_WORK ITEM_:
From the data below, tally each line that has "Polycarbonate" in it, then give that tally without comment.

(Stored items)

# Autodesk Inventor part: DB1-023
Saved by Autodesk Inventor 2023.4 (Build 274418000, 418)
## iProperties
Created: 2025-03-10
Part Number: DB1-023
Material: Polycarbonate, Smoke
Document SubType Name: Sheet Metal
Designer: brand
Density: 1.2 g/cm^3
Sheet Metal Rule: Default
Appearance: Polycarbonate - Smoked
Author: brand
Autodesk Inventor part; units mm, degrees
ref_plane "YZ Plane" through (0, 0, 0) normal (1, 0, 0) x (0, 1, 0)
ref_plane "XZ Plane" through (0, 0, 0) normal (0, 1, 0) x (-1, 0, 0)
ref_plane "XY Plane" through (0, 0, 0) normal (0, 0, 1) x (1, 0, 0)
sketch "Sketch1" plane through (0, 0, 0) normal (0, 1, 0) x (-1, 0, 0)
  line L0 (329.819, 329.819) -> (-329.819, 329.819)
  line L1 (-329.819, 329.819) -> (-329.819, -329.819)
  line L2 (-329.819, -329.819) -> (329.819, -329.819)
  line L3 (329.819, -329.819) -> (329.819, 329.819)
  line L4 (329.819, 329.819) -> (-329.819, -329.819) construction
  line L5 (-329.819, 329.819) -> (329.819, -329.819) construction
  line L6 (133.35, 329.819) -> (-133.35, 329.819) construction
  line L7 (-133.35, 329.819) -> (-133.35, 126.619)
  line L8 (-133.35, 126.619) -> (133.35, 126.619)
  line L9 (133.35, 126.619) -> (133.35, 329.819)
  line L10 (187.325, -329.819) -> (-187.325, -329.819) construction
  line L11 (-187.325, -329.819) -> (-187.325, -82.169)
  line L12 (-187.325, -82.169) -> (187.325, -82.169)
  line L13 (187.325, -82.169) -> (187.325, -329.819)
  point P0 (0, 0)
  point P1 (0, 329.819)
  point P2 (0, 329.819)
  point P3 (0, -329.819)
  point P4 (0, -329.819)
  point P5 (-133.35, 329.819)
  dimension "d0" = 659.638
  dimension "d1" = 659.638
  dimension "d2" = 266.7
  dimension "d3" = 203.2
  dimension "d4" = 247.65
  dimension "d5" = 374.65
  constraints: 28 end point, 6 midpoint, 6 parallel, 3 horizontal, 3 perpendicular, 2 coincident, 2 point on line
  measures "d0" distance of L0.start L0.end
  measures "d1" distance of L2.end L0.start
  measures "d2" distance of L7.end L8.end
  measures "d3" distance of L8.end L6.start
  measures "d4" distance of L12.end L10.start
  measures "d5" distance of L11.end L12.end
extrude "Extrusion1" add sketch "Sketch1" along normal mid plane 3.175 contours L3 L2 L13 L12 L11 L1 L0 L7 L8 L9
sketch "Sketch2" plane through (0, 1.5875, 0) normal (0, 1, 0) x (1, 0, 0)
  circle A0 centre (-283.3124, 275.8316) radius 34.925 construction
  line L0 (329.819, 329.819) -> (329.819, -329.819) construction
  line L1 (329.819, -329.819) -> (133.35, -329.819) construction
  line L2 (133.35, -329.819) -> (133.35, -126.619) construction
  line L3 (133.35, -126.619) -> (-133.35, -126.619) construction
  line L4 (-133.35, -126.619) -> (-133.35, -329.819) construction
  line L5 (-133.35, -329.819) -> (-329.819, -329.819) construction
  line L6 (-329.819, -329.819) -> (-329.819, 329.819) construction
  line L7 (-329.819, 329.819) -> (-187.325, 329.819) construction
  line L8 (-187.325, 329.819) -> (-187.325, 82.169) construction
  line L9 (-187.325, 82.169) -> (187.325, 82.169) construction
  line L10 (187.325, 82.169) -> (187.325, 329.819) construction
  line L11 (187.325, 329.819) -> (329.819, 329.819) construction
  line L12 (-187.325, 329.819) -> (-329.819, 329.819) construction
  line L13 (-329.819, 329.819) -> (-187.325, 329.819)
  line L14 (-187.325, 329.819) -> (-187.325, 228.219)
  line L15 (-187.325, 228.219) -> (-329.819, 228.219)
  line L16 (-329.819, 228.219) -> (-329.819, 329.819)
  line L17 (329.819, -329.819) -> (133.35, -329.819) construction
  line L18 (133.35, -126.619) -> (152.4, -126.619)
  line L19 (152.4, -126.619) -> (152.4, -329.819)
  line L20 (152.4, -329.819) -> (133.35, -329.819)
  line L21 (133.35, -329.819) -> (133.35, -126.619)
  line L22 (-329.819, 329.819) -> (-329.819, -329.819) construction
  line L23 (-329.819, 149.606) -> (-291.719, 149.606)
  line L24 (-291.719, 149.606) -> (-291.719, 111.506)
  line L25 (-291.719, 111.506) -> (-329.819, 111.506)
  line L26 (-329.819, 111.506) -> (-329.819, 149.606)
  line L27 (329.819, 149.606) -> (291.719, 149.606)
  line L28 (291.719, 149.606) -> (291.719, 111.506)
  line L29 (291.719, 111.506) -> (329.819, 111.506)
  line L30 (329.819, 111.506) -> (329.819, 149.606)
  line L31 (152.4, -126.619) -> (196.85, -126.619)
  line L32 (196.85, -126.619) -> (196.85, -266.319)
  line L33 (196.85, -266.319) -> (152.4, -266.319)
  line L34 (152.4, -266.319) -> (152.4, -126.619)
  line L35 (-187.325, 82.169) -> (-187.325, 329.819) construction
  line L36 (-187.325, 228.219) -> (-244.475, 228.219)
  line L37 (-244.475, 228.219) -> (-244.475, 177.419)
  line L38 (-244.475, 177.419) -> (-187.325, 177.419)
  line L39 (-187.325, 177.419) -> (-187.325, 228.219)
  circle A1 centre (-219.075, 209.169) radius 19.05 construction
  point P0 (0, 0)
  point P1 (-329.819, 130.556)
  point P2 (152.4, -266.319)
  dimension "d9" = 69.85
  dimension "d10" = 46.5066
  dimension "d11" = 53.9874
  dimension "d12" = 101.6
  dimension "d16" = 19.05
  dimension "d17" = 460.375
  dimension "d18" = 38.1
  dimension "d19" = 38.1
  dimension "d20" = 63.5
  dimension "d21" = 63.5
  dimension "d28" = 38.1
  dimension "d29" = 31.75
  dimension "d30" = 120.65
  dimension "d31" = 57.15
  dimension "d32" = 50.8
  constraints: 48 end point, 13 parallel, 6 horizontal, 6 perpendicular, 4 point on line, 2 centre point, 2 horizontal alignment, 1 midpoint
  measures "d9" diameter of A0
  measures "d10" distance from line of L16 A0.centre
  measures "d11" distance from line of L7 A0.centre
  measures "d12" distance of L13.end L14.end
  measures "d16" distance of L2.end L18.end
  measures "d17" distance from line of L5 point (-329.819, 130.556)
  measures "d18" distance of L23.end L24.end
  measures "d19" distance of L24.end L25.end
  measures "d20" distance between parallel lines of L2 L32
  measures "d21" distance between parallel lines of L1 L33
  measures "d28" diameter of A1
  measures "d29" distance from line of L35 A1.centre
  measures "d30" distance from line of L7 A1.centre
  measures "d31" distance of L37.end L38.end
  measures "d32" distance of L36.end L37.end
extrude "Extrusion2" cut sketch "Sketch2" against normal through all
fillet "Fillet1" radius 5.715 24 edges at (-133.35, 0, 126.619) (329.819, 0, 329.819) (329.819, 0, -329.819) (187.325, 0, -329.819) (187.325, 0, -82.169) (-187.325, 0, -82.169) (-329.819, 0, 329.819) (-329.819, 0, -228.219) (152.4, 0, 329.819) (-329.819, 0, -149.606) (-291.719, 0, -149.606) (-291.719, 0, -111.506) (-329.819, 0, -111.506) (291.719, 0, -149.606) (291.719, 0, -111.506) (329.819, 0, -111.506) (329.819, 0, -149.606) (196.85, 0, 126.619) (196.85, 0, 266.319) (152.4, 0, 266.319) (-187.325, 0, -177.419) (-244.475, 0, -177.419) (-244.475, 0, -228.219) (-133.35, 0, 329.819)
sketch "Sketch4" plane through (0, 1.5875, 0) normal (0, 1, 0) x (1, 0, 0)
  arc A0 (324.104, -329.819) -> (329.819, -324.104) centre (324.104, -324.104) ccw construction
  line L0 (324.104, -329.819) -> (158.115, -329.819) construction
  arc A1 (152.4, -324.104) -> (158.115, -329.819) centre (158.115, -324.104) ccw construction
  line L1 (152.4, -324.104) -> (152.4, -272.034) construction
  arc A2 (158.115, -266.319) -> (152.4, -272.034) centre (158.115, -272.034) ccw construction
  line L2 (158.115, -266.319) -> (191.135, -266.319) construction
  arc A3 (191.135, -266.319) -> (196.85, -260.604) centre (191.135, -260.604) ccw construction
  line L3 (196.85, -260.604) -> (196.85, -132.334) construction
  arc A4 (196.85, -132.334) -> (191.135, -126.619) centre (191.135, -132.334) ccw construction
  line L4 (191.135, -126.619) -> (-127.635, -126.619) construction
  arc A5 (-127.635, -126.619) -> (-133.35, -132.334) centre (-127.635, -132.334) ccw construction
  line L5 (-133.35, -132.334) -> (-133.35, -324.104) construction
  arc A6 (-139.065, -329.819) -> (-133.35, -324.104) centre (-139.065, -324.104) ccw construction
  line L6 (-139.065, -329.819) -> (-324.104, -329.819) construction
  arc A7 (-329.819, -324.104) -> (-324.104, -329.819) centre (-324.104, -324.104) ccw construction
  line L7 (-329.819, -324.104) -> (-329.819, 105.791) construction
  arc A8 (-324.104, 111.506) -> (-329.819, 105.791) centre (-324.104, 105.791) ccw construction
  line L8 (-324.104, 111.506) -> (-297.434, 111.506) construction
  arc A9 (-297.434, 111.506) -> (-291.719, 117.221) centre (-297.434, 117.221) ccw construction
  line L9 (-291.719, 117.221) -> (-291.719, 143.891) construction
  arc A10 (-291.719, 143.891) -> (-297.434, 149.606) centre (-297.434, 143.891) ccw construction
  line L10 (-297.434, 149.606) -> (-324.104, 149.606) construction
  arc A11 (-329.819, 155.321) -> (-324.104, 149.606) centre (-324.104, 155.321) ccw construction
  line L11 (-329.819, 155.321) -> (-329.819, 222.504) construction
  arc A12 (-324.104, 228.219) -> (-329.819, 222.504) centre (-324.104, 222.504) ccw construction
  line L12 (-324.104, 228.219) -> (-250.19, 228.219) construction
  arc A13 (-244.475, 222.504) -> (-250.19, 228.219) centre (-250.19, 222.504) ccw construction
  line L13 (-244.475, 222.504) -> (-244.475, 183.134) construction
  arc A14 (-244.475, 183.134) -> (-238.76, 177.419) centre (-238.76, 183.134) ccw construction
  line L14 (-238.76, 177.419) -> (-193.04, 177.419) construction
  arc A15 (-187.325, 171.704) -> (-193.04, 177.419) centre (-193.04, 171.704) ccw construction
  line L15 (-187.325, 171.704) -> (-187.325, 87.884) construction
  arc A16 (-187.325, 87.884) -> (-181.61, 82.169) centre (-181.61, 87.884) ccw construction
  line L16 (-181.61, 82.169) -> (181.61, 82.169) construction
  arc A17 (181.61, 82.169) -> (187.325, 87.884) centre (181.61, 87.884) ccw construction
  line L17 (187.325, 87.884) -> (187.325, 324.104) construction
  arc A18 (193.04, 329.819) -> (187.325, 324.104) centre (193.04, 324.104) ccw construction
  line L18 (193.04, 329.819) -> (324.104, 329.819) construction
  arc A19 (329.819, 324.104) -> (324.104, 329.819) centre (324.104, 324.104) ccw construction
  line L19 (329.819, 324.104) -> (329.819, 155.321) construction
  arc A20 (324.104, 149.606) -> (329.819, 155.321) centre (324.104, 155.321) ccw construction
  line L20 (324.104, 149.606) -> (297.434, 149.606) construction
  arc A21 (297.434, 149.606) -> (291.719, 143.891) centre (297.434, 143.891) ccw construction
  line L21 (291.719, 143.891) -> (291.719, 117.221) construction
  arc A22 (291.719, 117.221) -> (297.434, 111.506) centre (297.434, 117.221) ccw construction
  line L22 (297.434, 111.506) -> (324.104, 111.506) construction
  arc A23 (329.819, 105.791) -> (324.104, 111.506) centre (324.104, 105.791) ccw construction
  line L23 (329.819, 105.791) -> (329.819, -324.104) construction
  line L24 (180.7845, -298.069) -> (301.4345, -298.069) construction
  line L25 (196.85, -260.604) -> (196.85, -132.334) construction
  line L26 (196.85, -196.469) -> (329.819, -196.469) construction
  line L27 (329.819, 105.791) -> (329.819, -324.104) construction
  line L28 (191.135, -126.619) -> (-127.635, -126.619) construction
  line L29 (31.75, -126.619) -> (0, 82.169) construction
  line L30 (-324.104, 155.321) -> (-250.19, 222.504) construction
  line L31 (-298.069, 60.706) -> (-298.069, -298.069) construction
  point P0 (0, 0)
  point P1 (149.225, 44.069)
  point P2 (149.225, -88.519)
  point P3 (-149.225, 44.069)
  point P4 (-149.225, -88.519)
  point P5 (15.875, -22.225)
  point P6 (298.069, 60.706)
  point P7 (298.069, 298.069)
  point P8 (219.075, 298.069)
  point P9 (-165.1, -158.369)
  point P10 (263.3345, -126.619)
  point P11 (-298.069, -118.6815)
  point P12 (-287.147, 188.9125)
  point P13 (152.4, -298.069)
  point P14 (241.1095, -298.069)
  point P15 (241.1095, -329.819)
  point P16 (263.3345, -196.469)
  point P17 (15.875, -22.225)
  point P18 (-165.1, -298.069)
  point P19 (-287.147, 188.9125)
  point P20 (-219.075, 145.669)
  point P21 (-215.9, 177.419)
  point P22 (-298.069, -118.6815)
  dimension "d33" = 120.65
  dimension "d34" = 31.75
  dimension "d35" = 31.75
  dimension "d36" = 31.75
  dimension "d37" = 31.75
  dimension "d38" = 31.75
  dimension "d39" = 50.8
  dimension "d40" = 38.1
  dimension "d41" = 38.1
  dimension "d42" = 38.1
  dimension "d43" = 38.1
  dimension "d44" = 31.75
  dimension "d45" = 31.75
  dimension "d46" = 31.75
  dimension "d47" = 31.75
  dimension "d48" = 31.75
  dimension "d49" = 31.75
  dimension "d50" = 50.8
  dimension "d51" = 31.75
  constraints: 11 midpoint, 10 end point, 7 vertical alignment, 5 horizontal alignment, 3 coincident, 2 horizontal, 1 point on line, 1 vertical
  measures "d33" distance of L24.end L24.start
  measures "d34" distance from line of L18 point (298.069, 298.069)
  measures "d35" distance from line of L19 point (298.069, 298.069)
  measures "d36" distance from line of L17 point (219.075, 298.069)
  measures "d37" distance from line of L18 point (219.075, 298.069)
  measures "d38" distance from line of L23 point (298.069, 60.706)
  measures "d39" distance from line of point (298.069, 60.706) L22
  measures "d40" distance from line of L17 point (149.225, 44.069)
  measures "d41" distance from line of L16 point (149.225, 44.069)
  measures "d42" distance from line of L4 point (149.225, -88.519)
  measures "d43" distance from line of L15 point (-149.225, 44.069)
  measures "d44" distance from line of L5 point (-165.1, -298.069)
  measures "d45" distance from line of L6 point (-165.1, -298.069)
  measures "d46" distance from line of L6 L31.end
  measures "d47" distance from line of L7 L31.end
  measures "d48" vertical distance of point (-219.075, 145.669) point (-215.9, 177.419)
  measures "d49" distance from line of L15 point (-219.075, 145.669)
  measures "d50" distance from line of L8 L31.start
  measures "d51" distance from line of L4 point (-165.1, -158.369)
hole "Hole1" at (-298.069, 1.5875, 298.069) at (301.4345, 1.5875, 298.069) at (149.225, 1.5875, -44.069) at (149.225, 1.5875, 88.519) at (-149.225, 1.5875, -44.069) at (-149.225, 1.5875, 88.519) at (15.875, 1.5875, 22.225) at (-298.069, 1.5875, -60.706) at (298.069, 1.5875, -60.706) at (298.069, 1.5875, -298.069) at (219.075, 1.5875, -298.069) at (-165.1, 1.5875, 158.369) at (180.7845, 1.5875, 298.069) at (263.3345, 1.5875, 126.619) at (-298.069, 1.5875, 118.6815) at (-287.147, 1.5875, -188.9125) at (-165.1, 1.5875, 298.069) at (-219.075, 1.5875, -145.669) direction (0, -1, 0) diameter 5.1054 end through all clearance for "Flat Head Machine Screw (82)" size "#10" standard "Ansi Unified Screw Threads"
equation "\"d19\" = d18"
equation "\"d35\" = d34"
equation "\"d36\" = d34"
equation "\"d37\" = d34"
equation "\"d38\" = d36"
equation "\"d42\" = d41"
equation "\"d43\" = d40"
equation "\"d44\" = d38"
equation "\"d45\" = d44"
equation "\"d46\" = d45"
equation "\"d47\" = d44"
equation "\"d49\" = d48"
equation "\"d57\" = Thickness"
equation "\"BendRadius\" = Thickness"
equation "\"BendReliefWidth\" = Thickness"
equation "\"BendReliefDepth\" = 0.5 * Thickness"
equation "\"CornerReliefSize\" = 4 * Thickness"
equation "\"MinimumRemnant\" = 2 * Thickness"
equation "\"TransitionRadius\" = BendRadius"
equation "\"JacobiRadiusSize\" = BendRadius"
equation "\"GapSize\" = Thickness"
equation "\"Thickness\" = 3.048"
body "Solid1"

_ANSWER FOR THE TASK_:
2